У себя в комнате Дэвид сказал:
– К черту ее.
– Нет, Дэвид. Она только хотела сделать то, о чем я ее попросила. Может, она и сама тебе скажет об этом.
– Да пошла она на…
– Она уже пошла. С твоей помощью. Но сейчас речь не об этом. Поговори с ней, Дэвид. И если захочешь трахнуть ее, сделай это как следует. Ради меня.
– Грубость тебе не идет.
– Ты первый начал. Я всего лишь отбила подачу. Как в теннисе.
– Ну хорошо. И что я должен от нее услышать?
– Мою речь. Ту, что я заготовила и забыла. Не будь таким серьезным, а то я не отпущу тебя. Ты слишком привлекателен, когда серьезен. Ну иди же, пока она тоже не забыла мою речь.

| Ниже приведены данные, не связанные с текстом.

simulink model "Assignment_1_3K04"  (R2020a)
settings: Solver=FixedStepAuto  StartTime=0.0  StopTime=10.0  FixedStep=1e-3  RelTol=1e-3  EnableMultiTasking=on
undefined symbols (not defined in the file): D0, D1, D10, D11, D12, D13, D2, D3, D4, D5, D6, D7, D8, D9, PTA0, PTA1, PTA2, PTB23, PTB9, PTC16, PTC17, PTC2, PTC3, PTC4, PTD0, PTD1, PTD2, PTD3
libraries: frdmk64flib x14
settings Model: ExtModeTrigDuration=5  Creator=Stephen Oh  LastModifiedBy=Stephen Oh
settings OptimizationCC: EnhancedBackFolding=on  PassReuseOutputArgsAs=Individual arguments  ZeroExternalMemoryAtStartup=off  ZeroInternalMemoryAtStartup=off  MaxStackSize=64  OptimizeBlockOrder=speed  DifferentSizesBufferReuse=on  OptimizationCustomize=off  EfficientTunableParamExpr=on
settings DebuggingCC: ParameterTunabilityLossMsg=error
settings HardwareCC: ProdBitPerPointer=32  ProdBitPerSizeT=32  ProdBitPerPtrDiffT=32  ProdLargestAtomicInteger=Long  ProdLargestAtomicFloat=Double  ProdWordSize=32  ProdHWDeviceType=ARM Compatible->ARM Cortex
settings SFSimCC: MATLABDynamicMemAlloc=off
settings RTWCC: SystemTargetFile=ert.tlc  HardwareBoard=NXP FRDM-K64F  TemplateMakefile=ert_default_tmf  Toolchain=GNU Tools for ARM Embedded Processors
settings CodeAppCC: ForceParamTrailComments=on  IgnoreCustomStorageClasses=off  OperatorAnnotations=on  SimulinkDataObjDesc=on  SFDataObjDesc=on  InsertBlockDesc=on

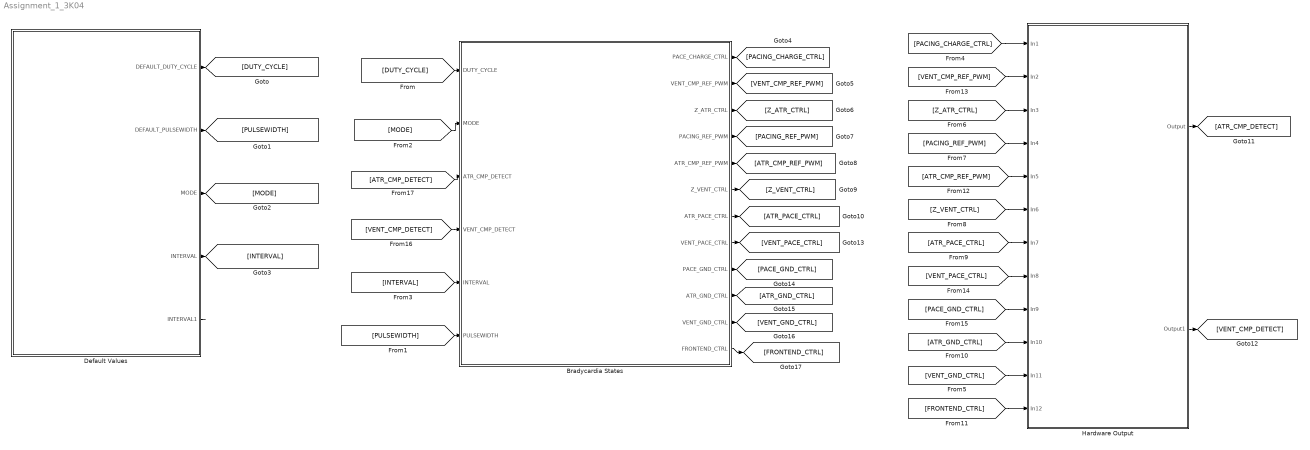
== system Assignment_1_3K04 ==
  Bradycardia States : Stateflow chart  TreatAsAtomicUnit=on
      settings: PortSchema="{\"entries\":[{\"content\":{\"sides\":[{\"content\":{\"connectorIds\":[\"In3\",\"In4\",\"In5\",\"In6\",\"In1\",\"In2\"]},\"type\":\"ConnectorPlacement.EquallySpacedRectSide\",\"uuid\":\"15e03f69-5c25-4f3e-b3fb-d71978e552f4\"},{\"content\":{\"connectorIds\":[\"Out7\",\"Out12\",\"Out4\",\"Out8\",\"Out10\",\"Out5\",\"Out9\",\"Out3\",\"Out6\",\"Out1\",\"Out2\",\"Out11\"],\"side\":\"RIGHT\"},\"type\":\"ConnectorPlacement.EquallySpacedRectSide\",\"uuid\":\"02171bf1-edb1-4b01-9e56-a8642c556ed6\"},{\"content\":{\"connectorIds\":[],\"side\":\"TOP\"},\"type\":\"ConnectorPlacement.EquallySpacedRectSide\",\"uuid\":\"cc6b5506-3435-4740-9e3f-4dfe15d30bff\"}]},\"type\":\"ConnectorPlacement.EquallySpacedConnector\",\"uuid\":\"0ad55da7-1e65-48d0-a0a4-2620ffa94320\"}],\"packageUris\":[\"http://schema.mathworks.com/mf0/Connector/19700101\"],\"version\":\"1.0\"}"
  Default Values : Subsystem
  Hardware Output : Subsystem
  wires:
  Default Values/1(DEFAULT_DUTY_CYCLE) -> [DUTY_CYCLE]
  Default Values/2(DEFAULT_PULSEWIDTH) -> [PULSEWIDTH]
  [DUTY_CYCLE] -> Bradycardia States/3(DUTY_CYCLE)
  [PULSEWIDTH] -> Bradycardia States/2(PULSEWIDTH)
  [MODE] -> Bradycardia States/4(MODE)
  [INTERVAL] -> Bradycardia States/1(INTERVAL)
  Default Values/3(MODE) -> [MODE]
  Default Values/4(INTERVAL) -> [INTERVAL]
  Default Values/5(INTERVAL1) -> ?
  [ATR_GND_CTRL] -> Hardware Output/10(In10)
  [PACING_REF_PWM] -> Hardware Output/4(In4)
  [Z_VENT_CTRL] -> Hardware Output/6(In6)
  [ATR_PACE_CTRL] -> Hardware Output/7(In7)
  Hardware Output/2(Output1) -> [VENT_CMP_DETECT]
  [PACE_GND_CTRL] -> Hardware Output/9(In9)
  [FRONTEND_CTRL] -> Hardware Output/12(In12)
  [VENT_GND_CTRL] -> Hardware Output/11(In11)
  [Z_ATR_CTRL] -> Hardware Output/3(In3)
  [VENT_PACE_CTRL] -> Hardware Output/8(In8)
  [ATR_CMP_REF_PWM] -> Hardware Output/5(In5)
  [VENT_CMP_REF_PWM] -> Hardware Output/2(In2)
  [PACING_CHARGE_CTRL] -> Hardware Output/1(In1)
  Hardware Output/1(Output) -> [ATR_CMP_DETECT]
  Bradycardia States/7(PACE_CHARGE_CTRL) -> [PACING_CHARGE_CTRL]
  Bradycardia States/4(Z_ATR_CTRL) -> [Z_ATR_CTRL]
  Bradycardia States/11(FRONTEND_CTRL) -> [FRONTEND_CTRL]
  Bradycardia States/2(VENT_GND_CTRL) -> [VENT_GND_CTRL]
  Bradycardia States/1(ATR_GND_CTRL) -> [ATR_GND_CTRL]
  Bradycardia States/6(PACE_GND_CTRL) -> [PACE_GND_CTRL]
  Bradycardia States/3(VENT_PACE_CTRL) -> [VENT_PACE_CTRL]
  Bradycardia States/9(ATR_PACE_CTRL) -> [ATR_PACE_CTRL]
  Bradycardia States/5(Z_VENT_CTRL) -> [Z_VENT_CTRL]
  Bradycardia States/10(ATR_CMP_REF_PWM) -> [ATR_CMP_REF_PWM]
  Bradycardia States/8(PACING_REF_PWM) -> [PACING_REF_PWM]
  Bradycardia States/12(VENT_CMP_REF_PWM) -> [VENT_CMP_REF_PWM]
  [ATR_CMP_DETECT] -> Bradycardia States/5(ATR_CMP_DETECT)
  [VENT_CMP_DETECT] -> Bradycardia States/6(VENT_CMP_DETECT)

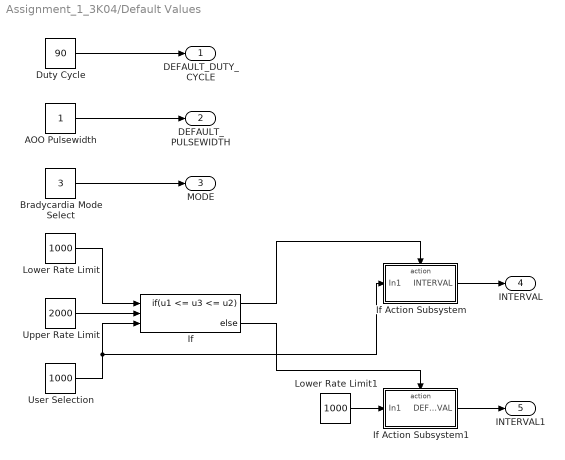
== system Assignment_1_3K04/Default Values ==
  AOO Pulsewidth : Constant
  Bradycardia Mode Select : Constant  Value=3
  Duty Cycle : Constant  Value=90
  If : If  NumInputs=3  IfExpression=u1 <= u3 <= u2
  If Action Subsystem : Subsystem  TreatAsAtomicUnit=on
  If Action Subsystem1 : Subsystem  TreatAsAtomicUnit=on
  Lower Rate Limit : Constant  Value=1000
  Lower Rate Limit1 : Constant  Value=1000
  Upper Rate Limit : Constant  Value=2000
  User Selection : Constant  Value=1000
  DEFAULT_DUTY_CYCLE : Outport
  DEFAULT_PULSEWIDTH : Outport  Port=2
  MODE : Outport  Port=3
  INTERVAL : Outport  Port=4
  INTERVAL1 : Outport  Port=5
  wires:
  Duty Cycle/1 -> DEFAULT_DUTY_CYCLE/1
  AOO Pulsewidth/1 -> DEFAULT_PULSEWIDTH/1
  Lower Rate Limit/1 -> If/1
  Upper Rate Limit/1 -> If/2
  Bradycardia Mode Select/1 -> MODE/1
  User Selection/1 -> If Action Subsystem/1(In1), If/3
  If/1 -> If Action Subsystem/Action
  If Action Subsystem/1(INTERVAL) -> INTERVAL/1
  If/2 -> If Action Subsystem1/Action
  Lower Rate Limit1/1 -> If Action Subsystem1/1(In1)
  If Action Subsystem1/1(DEFAULT INTERVAL) -> INTERVAL1/1

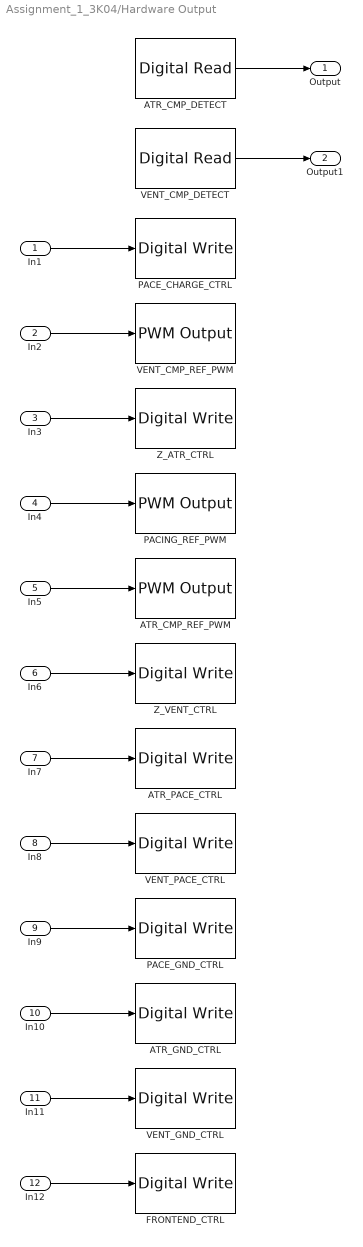
== system Assignment_1_3K04/Hardware Output ==
  In1 : Inport
  In2 : Inport  Port=2
  In3 : Inport  Port=3
  In4 : Inport  Port=4
  In5 : Inport  Port=5
  In6 : Inport  Port=6
  In7 : Inport  Port=7
  In8 : Inport  Port=8
  In9 : Inport  Port=9
  In10 : Inport  Port=10
  In11 : Inport  Port=11
  In12 : Inport  Port=12
  ATR_CMP_DETECT : frdmk64flib/Digital Read  Whichpin=PTC16 (D0)  SampleTime=-1
  ATR_CMP_REF_PWM : frdmk64flib/PWM Output  Whichpin=PTC2 (D6)  InitialFrequency=2000  InitialDutyCycle=30
  ATR_GND_CTRL : frdmk64flib/Digital Write  Whichpin=PTD2 (D11)
  ATR_PACE_CTRL : frdmk64flib/Digital Write  Whichpin=PTA0 (D8)
  FRONTEND_CTRL : frdmk64flib/Digital Write  Whichpin=PTD1 (D13)
  PACE_CHARGE_CTRL : frdmk64flib/Digital Write  Whichpin=PTB9 (D2)
  PACE_GND_CTRL : frdmk64flib/Digital Write  Whichpin=PTD0 (D10)
  PACING_REF_PWM : frdmk64flib/PWM Output  Whichpin=PTA2 (D5)  InitialFrequency=2000  InitialDutyCycle=30
  VENT_CMP_DETECT : frdmk64flib/Digital Read  Whichpin=PTC17 (D1)  SampleTime=-1
  VENT_CMP_REF_PWM : frdmk64flib/PWM Output  Whichpin=PTA1 (D3)  InitialFrequency=2000  InitialDutyCycle=30
  VENT_GND_CTRL : frdmk64flib/Digital Write  Whichpin=PTD3 (D12)
  VENT_PACE_CTRL : frdmk64flib/Digital Write  Whichpin=PTC4 (D9)
  Z_ATR_CTRL : frdmk64flib/Digital Write  Whichpin=PTB23 (D4)
  Z_VENT_CTRL : frdmk64flib/Digital Write  Whichpin=PTC3 (D7)
  Output : Outport
  Output1 : Outport  Port=2
  wires:
  In1/1 -> PACE_CHARGE_CTRL/1
  ATR_CMP_DETECT/1 -> Output/1
  VENT_CMP_DETECT/1 -> Output1/1
  In2/1 -> VENT_CMP_REF_PWM/1
  In3/1 -> Z_ATR_CTRL/1
  In4/1 -> PACING_REF_PWM/1
  In5/1 -> ATR_CMP_REF_PWM/1
  In6/1 -> Z_VENT_CTRL/1
  In7/1 -> ATR_PACE_CTRL/1
  In8/1 -> VENT_PACE_CTRL/1
  In9/1 -> PACE_GND_CTRL/1
  In10/1 -> ATR_GND_CTRL/1
  In11/1 -> VENT_GND_CTRL/1
  In12/1 -> FRONTEND_CTRL/1

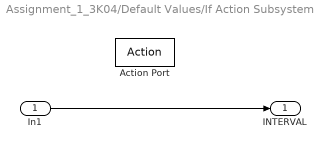
== system Assignment_1_3K04/Default Values/If Action Subsystem ==
  In1 : Inport
  Action Port : ActionPort  ActionPortLabel=if(u1 <= u3 <= u2)
  INTERVAL : Outport
  wires:
  In1/1 -> INTERVAL/1

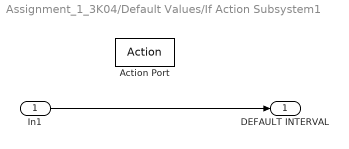
== system Assignment_1_3K04/Default Values/If Action Subsystem1 ==
  In1 : Inport
  Action Port : ActionPort  ActionPortLabel=else
  DEFAULT INTERVAL : Outport
  wires:
  In1/1 -> DEFAULT INTERVAL/1

== stateflow chart Assignment_1_3K04/Bradycardia States ==
  state AOO [group]
    state Charging
      entry:
      %Charging capacitor C22
      %
      ATR_PACE_CTRL = LOW
      VENT_PACE_CTRL = LOW
      PACING_REF_PWM = DUTY_CYCLE
      PACE_CHARGE_CTRL = HIGH
      %Charge release of capacitor C21 into Atrium ground
      PACE_GND_CTRL = HIGH
      VENT_PACE_CTRL = LOW
      Z_ATR_CTRL = LOW
      Z_VENT_CTRL = LOW
      ATR_PACE_CTRL = LOW
      ATR_GND_CTRL = HIGH
      VENT_GND_CTRL = LOW
    state Discharging
      entry:
      %Charge release of capacitor C22 to charge capacitor C21
      %
      PACE_CHARGE_CTRL = LOW
      PACE_GND_CTRL = HIGH
      VENT_PACE_CTRL = LOW
      VENT_GND_CTRL = LOW
      Z_VENT_CTRL = LOW
      Z_ATR_CTRL = LOW
      ATR_GND_CTRL = LOW
      ATR_PACE_CTRL = HIGH
    AOO.Charging -> AOO.Discharging : after(INTERVAL, msec)
    AOO.Discharging -> AOO.Charging : after(PULSEWIDTH, msec)
  state Select
  state VOO [group]
    state Charging
      entry:
      %Charging capacitor C22
      %
      ATR_PACE_CTRL = LOW
      VENT_PACE_CTRL = LOW
      PACING_REF_PWM = DUTY_CYCLE
      PACE_CHARGE_CTRL = HIGH
      %Charge release of capacitor C21 into Atrium ground
      PACE_GND_CTRL = HIGH
      VENT_PACE_CTRL = LOW
      Z_ATR_CTRL = LOW
      Z_VENT_CTRL = LOW
      ATR_PACE_CTRL = LOW
      ATR_GND_CTRL = LOW
      VENT_GND_CTRL = HIGH
    state Discharging
      entry:
      %Charge release of capacitor C22 to charge capacitor C21
      %
      PACE_CHARGE_CTRL = LOW
      PACE_GND_CTRL = HIGH
      ATR_PACE_CTRL = LOW
      ATR_GND_CTRL = LOW
      Z_VENT_CTRL = LOW
      Z_ATR_CTRL = LOW
      VENT_GND_CTRL = LOW
      VENT_PACE_CTRL = HIGH
    VOO.Charging -> VOO.Discharging : after(INTERVAL, msec)
    VOO.Discharging -> VOO.Charging : after(PULSEWIDTH, msec)
  state AAI [group]
    state Test
    state Discharging
      entry:
      %Charge release of capacitor C22 to charge capacitor C21
      %
      PACE_CHARGE_CTRL = LOW
      PACE_GND_CTRL = HIGH
      VENT_PACE_CTRL = LOW
      VENT_GND_CTRL = LOW
      Z_VENT_CTRL = LOW
      Z_ATR_CTRL = LOW
      ATR_GND_CTRL = LOW
      ATR_PACE_CTRL = HIGH
    state Charging
      entry:
      FRONTEND_CTRL = HIGH
      ATR_CMP_REF_PWM = 90
      %Charging capacitor C22
      %
      ATR_PACE_CTRL = LOW
      VENT_PACE_CTRL = LOW
      PACING_REF_PWM = DUTY_CYCLE
      PACE_CHARGE_CTRL = HIGH
      %Charge release of capacitor C21 into Atrium ground
      PACE_GND_CTRL = HIGH
      VENT_PACE_CTRL = LOW
      Z_ATR_CTRL = LOW
      Z_VENT_CTRL = LOW
      ATR_PACE_CTRL = LOW
      ATR_GND_CTRL = HIGH
      VENT_GND_CTRL = LOW
    AAI.Test -> AAI.Charging [order 2] : [ATR_CMP_DETECT == HIGH]
    AAI.Test -> AAI.Discharging [order 1] : after(750, msec)
    AAI.Charging -> AAI.Test : after(250,msec)
    AAI.Discharging -> AAI.Charging : after(PULSEWIDTH, msec)
  state VVI [group]
    state Test
    state Charging
      entry:
      FRONTEND_CTRL = HIGH
      VENT_CMP_REF_PWM = 90
      %Charging capacitor C22
      %
      ATR_PACE_CTRL = LOW
      VENT_PACE_CTRL = LOW
      PACING_REF_PWM = DUTY_CYCLE
      PACE_CHARGE_CTRL = HIGH
      %Charge release of capacitor C21 into Atrium ground
      PACE_GND_CTRL = HIGH
      VENT_PACE_CTRL = LOW
      Z_ATR_CTRL = LOW
      Z_VENT_CTRL = LOW
      ATR_PACE_CTRL = LOW
      ATR_GND_CTRL = LOW
      VENT_GND_CTRL = HIGH
    state Discharging
      entry:
      %Charge release of capacitor C22 to charge capacitor C21
      %
      PACE_CHARGE_CTRL = LOW
      PACE_GND_CTRL = HIGH
      ATR_PACE_CTRL = LOW
      ATR_GND_CTRL = LOW
      Z_VENT_CTRL = LOW
      Z_ATR_CTRL = LOW
      VENT_GND_CTRL = LOW
      VENT_PACE_CTRL = HIGH
    VVI.Test -> VVI.Discharging [order 1] : after(750, msec)
    VVI.Test -> VVI.Charging [order 2] : [VENT_CMP_DETECT == HIGH]
    VVI.Charging -> VVI.Test : after(250,msec)
    VVI.Discharging -> VVI.Charging : after(PULSEWIDTH, msec)
  (default) -> Select
  Select -> AOO.Charging [order 1] : [MODE == 0]
  Select -> VOO.Charging [order 2] : [MODE == 1]
  Select -> VVI.Charging [order 4] : [MODE == 3]
  Select -> AAI.Charging [order 3] : [MODE == 2]
  data: ATR_GND_CTRL output; VENT_GND_CTRL output; VENT_PACE_CTRL output; Z_ATR_CTRL output; Z_VENT_CTRL output; PACE_GND_CTRL output; PACE_CHARGE_CTRL output; PACING_REF_PWM output; ATR_PACE_CTRL output; INTERVAL input; PULSEWIDTH input; DUTY_CYCLE input; HIGH local boolean =true; LOW local boolean =false; MODE input; ATR_CMP_REF_PWM output; FRONTEND_CTRL output; VENT_CMP_REF_PWM output; ATR_CMP_DETECT input; VENT_CMP_DETECT input

– Иди ты тоже ко всем чертям.
– Ну вот, ты уже не так остро реагируешь. Легкомысленным ты мне больше нравишься. Поцелуй меня на прощание. Желаю тебе приятного дня. И все же тебе лучше поторопиться, иначе она и в самом деле все позабудет. Видишь, какая я благоразумная и хорошая?
– И не хорошая, и не благоразумная.
– И все же я нравлюсь тебе такой.
– Конечно.
– Хочешь узнать один секрет?
– Что-то новое?
– Старое.
– Давай.
– Ты очень легко поддаешься соблазну, и развращать тебя необыкновенно приятно.
– Тебе виднее.
– Это была шутка. Нет никакого разврата. Мы просто развлекаемся. Иди и выслушай мою речь, пока Марита ее не забыла. Иди, Дэвид, и будь хорошим мальчиком.
В комнате, находившейся в дальнем конце коридора, Дэвид лег на постель и спросил:
– Ну, так о чем весь сыр-бор?
– Это всего лишь то, о чем она сказала вчера вечером, – ответила девушка. – Она в самом деле имела в виду то, что сказала. Ты даже представить себе не можешь, насколько это серьезно.
– Ты сказала ей, что мы стали любовниками?
– Нет.
– Но она знает.
– Для нее это имеет значение?
– Похоже, что нет.
– Выпей вина, Дэвид, и расслабься. Надеюсь, ты уже понял, что я к тебе неравнодушна.